(2)




 宵が僕を連れて来たのは、公園の前の坂を下って、少し歩いた先にある池だった。

 けれど池と呼ぶにはおおよそ大きすぎる沢だ。一周するのに20分ほどはかかるのではないだろうか。


 池畔をぐるりと囲むのは、何本もの桜の巨木。満開の桜はライトアップされ、池に映り幻想的な光景を作り上げている。

 小学生の時だったか遠足で来たことがあるけれど、なんとなく退屈で、それ以降はあえてここを訪れようとはしなかった。けれど今目の前にある景色は、ぼんやりとした記憶の中のそれよりもっと鮮やかで美しく壮大だった。今日までここを訪れなかったことを後悔させるほどには。


「すご……」


 思わず僕が息をのむと、宵が隣でくすりと笑った。


「綺麗だよね、ここの夜桜」

「ああ、とっても」

「昼間もいいけど、このライトアップがさ、なんか雅だよね」

「うん、わかる。夜桜って初めて見た」

「でしょ? だと思って、ここに一緒に来たかったんだ」


 宵の言葉で、僕の心にぽっと温もりが宿る。宵にとっては些細で深い意味はないのかもしれないけれど、僕にとっては輝かしい宝物になる。

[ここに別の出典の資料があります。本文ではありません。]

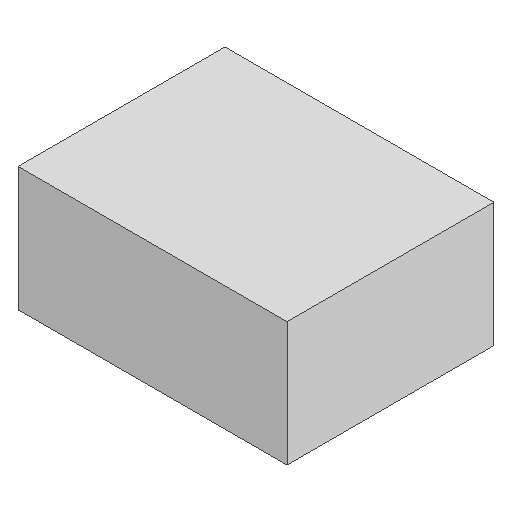
# Autodesk Inventor part: USB_A
Saved by Autodesk Inventor 2025.2 (Build 292293000, 293)
## iProperties
Created: 2025-03-09
Part Number: USB_A
Material: Generic
Document SubType Name: Modeling
Designer: ahorat
Density: 1 g/cm^3
Appearance: Default
Author: ahorat
Autodesk Inventor part; units mm, degrees
ref_plane "YZ Plane" through (0, 0, 0) normal (1, 0, 0) x (0, 1, 0)
ref_plane "XZ Plane" through (0, 0, 0) normal (0, 1, 0) x (-1, 0, 0)
ref_plane "XY Plane" through (0, 0, 0) normal (0, 0, 1) x (1, 0, 0)
sketch "Sketch1" plane through (0, 0, 0) normal (0, 0, 1) x (1, 0, 0)
  line L0 (-6.5, 6) -> (6.5, 6)
  line L1 (6.5, 6) -> (6.5, 0)
  line L2 (6.5, 0) -> (-6.5, 0)
  line L3 (-6.5, 0) -> (-6.5, 6)
  point P0 (0, 0)
  point P1 (0, 0)
  dimension "d0" = 13
  dimension "d1" = 6
  constraints: 8 end point, 2 parallel, 1 coincident, 1 horizontal, 1 midpoint, 1 perpendicular
  measures "d0" distance of L0.start L0.end
  measures "d1" distance of L0.end L1.end
extrude "Extrusion1" add sketch "Sketch1" along normal blind 10
sketch "Sketch2" plane through (-6.5, 0, 0) normal (0, 0, -1) x (-1, 0, 0)
  line L0 (-0.2, 5.8) -> (-12.8, 5.8)
  line L1 (-12.8, 5.8) -> (-12.8, 0.2)
  line L2 (-12.8, 0.2) -> (-0.2, 0.2)
  line L3 (-0.2, 0.2) -> (-0.2, 5.8)
  line L4 (-12.25, 4.8) -> (-0.75, 4.8)
  line L5 (-0.75, 4.8) -> (-0.75, 3)
  line L6 (-0.75, 3) -> (-12.25, 3)
  line L7 (-12.25, 3) -> (-12.25, 4.8)
  line L8 (0, 6) -> (0, 0) projected
  line L9 (0, 0) -> (-13, 0) projected
  line L10 (-13, 6) -> (0, 6) projected
  point P0 (-6.5, 0)
  point P1 (-12.8, 3)
  point P2 (-6.5, 5.8)
  point P3 (-6.5, 4.8)
  point P4 (-0.2, 3)
  point P5 (0, 3)
  point P6 (-6.5, 0)
  point P7 (-6.5, 0)
  dimension "d4" = 11.5
  dimension "d5" = 0.2
  dimension "d6" = 0.2
  dimension "d7" = 3
  dimension "d8" = 1
  constraints: 16 end point, 7 midpoint, 4 parallel, 3 vertical alignment, 2 horizontal, 2 perpendicular, 1 coincident, 1 horizontal alignment
  measures "d4" distance of L4.start L4.end
  measures "d5" distance between parallel lines of L10 L0
  measures "d6" distance between parallel lines of L8 L3
  measures "d7" distance between parallel lines of L10 L6
  measures "d8" distance between parallel lines of L0 L4
extrude "Extrusion2" cut sketch "Sketch2" against normal blind 9.8
body "Solid1"
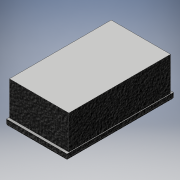
# Autodesk Inventor part: BatteryVoltage
Saved by Autodesk Inventor 2017 (Build 210142000, 142)
## iProperties
Created: 2017-02-10
Part Number: BatteryVoltage
Material: Generic
Document SubType Name: Modeling
Designer: michael
Density: 1 g/cm^3
Appearance: Default
Author: michael
Autodesk Inventor part; units mm, degrees
ref_plane "YZ Plane" through (0, 0, 0) normal (1, 0, 0) x (0, 1, 0)
ref_plane "XZ Plane" through (0, 0, 0) normal (0, 1, 0) x (-1, 0, 0)
ref_plane "XY Plane" through (0, 0, 0) normal (0, 0, 1) x (1, 0, 0)
sketch "Sketch1" plane through (0, 0, 0) normal (0, 1, 0) x (-1, 0, 0)
  line L0 (-12.25, 21) -> (12.25, 21)
  line L1 (12.25, 21) -> (12.25, -21)
  line L2 (12.25, -21) -> (-12.25, -21)
  line L3 (-12.25, -21) -> (-12.25, 21)
  line L4 (-12.25, 21) -> (12.25, -21) construction
  line L5 (12.25, 21) -> (-12.25, -21) construction
  point P0 (0, 0)
  dimension "d0" = 24.5
  dimension "d1" = 42
  constraints: 12 end point, 2 midpoint, 2 parallel, 1 horizontal, 1 perpendicular
  measures "d0" distance of L1.end L2.end
  measures "d1" distance of L0.end L1.end
extrude "Extrusion1" add sketch "Sketch1" along normal blind 14
sketch "Sketch2" plane through (0, 0, 0) normal (0, -1, 0) x (1, 0, 0)
  line L0 (12.5, -22) -> (-12.5, -22)
  line L1 (-12.5, -22) -> (-12.5, 22)
  line L2 (-12.5, 22) -> (12.5, 22)
  line L3 (12.5, 22) -> (12.5, -22)
  line L4 (12.5, -22) -> (-12.5, 22) construction
  line L5 (-12.5, -22) -> (12.5, 22) construction
  point P0 (0, 0)
  dimension "d4" = 25
  dimension "d5" = 44
  constraints: 12 end point, 2 midpoint, 2 parallel, 1 horizontal, 1 perpendicular
  measures "d4" distance of L1.end L2.end
  measures "d5" distance of L0.end L1.end
extrude "Extrusion2" add sketch "Sketch2" along normal blind 2.8
fillet "Fillet1" radius 1.27 4 edges at (0, -2.8, 22) (12.5, -2.8, 0) (0, -2.8, -22) (-12.5, -2.8, 0)
sketch "Sketch3" plane through (0, -2.8, 0) normal (0, -1, 0) x (1, 0, 0)
  line L0 (-11.23, -20.73) -> (-11.23, 20.73) projected
  line L1 (11.23, -20.73) -> (-11.23, -20.73)
  line L2 (-11.23, -20.73) -> (-11.23, 20.73)
  line L3 (-11.23, 20.73) -> (11.23, 20.73)
  line L4 (11.23, 20.73) -> (11.23, -20.73)
  line L5 (11.23, -20.73) -> (-11.23, 20.73) construction
  line L6 (-11.23, -20.73) -> (11.23, 20.73) construction
  point P0 (0, 0)
  constraints: 12 end point, 2 midpoint, 2 parallel, 1 horizontal, 1 perpendicular
extrude "Extrusion3" cut sketch "Sketch3" against normal blind 1.27
body "Solid1"

 ふと隣を見れば、夜桜をバックに宵の横顔が目に入り、僕は思わず目を奪われる。白くて華奢な曲線が織りなす横顔で、長くくるりとカールした睫毛を精一杯持ち上げて、その瞳に目の前の景色を刻みつけるような直向きな眼差しを称える彼女。なんでそんなに懸命に焼きつけているのだろう。


「綺麗……」


 息を吐くのと同じ体感で、意識する間もなくそう呟いていた。


「ん?」


 案の定、その言葉は拾われてしまい、僕は焦る。


「あ、いや、なんか夜桜と宵ってすごく似合うっていうか……」

「ええ? それって褒められてる?」

「うん、ホメてる……」


 宵の顔が見られなくて、夜桜を見上げたまま答える。

 すると隣で宵が小さく吹き出した気配がする。


「嬉しいな。初めて言われた」

「……はずい」

「なんかこれ、私まではずいよ」


 穴があったら入りたくて額に手を当てていると、宵が「でもさ」と呟いた。


「桜も満月もすごいよね。それを前にすると、人はどんなに悲しくて下を向いていたって顔を上げずにいられないんだから」

「……たしかに」


 自然の神秘的なパワーを前に、人間はちっぽけだ。月の満ち欠けも四季も何度も巡ってくるのに、そのたびに圧倒されずにはいられないのだ。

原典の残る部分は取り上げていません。